(Dataset excerpts)
---
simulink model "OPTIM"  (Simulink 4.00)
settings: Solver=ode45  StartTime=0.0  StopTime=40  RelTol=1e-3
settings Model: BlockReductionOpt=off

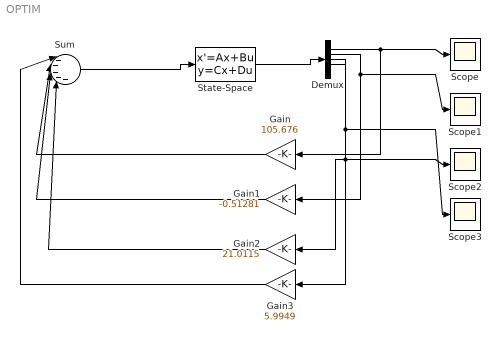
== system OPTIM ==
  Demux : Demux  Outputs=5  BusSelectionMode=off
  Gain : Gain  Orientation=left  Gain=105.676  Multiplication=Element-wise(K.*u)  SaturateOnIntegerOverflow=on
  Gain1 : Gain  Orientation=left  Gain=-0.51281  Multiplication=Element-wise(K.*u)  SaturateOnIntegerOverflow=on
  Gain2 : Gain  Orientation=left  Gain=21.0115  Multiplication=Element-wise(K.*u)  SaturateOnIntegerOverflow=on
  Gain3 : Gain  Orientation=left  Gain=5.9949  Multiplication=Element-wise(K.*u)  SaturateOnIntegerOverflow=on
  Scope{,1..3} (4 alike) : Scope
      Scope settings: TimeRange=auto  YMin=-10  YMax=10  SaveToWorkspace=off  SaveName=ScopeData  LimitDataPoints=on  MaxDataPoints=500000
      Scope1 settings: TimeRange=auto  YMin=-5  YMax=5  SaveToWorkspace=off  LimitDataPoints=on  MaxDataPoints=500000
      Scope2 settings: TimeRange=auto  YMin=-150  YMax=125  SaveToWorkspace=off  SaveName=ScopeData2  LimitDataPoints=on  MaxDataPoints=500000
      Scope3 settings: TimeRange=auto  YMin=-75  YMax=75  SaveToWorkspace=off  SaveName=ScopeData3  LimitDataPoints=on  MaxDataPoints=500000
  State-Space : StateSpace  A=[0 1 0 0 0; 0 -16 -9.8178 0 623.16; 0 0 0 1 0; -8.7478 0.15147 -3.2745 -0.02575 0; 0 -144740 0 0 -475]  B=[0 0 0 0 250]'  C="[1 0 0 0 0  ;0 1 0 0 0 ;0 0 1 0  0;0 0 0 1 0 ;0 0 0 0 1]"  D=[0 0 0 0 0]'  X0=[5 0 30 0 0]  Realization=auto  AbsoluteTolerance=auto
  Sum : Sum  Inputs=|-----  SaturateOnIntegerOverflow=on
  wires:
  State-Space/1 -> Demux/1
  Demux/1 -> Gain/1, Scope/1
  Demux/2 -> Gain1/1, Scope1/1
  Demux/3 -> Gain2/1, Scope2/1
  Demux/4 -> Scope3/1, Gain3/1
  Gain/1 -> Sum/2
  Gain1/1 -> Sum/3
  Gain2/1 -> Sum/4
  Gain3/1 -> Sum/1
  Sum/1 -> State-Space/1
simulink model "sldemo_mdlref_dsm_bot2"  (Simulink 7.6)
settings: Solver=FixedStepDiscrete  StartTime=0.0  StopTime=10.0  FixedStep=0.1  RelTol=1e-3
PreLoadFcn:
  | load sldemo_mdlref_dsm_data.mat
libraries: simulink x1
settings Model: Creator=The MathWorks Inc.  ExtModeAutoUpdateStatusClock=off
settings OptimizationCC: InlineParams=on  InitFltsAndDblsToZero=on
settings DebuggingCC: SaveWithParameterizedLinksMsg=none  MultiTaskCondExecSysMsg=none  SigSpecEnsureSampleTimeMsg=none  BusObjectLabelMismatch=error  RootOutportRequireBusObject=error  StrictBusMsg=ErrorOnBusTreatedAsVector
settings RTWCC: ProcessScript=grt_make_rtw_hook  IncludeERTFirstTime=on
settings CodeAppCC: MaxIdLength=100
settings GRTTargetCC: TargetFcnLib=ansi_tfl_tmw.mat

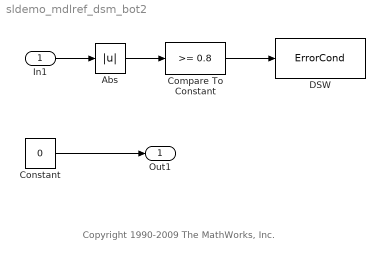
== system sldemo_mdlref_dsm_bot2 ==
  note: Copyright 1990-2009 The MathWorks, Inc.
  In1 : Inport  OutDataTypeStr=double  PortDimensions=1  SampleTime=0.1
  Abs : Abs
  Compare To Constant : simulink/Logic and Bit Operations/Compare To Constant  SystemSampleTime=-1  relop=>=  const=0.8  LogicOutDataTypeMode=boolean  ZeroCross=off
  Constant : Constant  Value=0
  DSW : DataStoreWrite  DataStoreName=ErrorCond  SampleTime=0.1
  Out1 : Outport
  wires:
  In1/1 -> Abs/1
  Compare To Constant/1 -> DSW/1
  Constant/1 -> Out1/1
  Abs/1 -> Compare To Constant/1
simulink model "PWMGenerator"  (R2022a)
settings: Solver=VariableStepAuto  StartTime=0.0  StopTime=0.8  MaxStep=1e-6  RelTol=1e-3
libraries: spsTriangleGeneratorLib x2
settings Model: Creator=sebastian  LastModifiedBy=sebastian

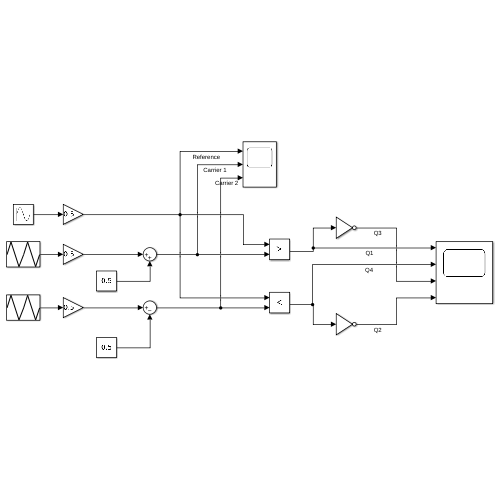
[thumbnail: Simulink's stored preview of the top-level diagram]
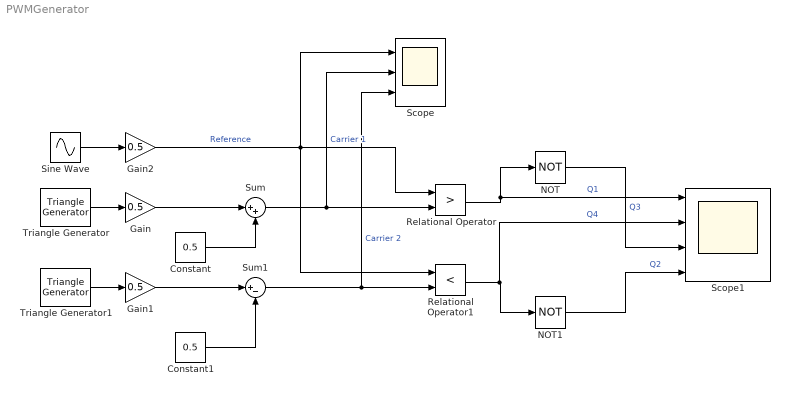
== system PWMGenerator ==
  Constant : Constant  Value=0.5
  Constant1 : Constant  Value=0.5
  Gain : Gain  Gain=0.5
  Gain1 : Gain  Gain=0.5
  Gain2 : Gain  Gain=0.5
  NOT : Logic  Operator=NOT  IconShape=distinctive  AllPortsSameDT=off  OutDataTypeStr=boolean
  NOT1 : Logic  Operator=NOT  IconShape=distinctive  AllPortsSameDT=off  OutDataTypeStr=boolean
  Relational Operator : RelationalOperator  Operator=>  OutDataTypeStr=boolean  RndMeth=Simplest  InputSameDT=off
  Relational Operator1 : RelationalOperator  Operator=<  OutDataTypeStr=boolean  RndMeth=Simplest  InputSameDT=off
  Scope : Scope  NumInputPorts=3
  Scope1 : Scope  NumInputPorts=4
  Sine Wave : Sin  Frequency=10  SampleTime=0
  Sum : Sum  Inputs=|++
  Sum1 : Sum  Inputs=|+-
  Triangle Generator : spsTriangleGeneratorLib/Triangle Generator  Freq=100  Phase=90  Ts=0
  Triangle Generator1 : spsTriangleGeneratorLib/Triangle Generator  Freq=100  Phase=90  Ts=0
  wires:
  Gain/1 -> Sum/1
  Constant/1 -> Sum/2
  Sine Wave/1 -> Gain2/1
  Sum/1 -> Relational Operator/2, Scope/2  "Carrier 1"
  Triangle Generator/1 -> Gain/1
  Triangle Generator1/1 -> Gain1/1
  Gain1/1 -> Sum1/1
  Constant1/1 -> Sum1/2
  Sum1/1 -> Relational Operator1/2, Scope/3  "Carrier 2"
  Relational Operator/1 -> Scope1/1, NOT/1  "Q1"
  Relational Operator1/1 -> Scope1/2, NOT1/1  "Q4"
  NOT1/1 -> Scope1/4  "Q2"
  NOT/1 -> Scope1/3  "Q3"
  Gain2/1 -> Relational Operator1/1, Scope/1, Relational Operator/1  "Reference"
---
If the string "RndMeth" is in a line of the entries, pick that line out.

### Your solution
  Relational Operator : RelationalOperator  Operator=>  OutDataTypeStr=boolean  RndMeth=Simplest  InputSameDT=off
  Relational Operator1 : RelationalOperator  Operator=<  OutDataTypeStr=boolean  RndMeth=Simplest  InputSameDT=off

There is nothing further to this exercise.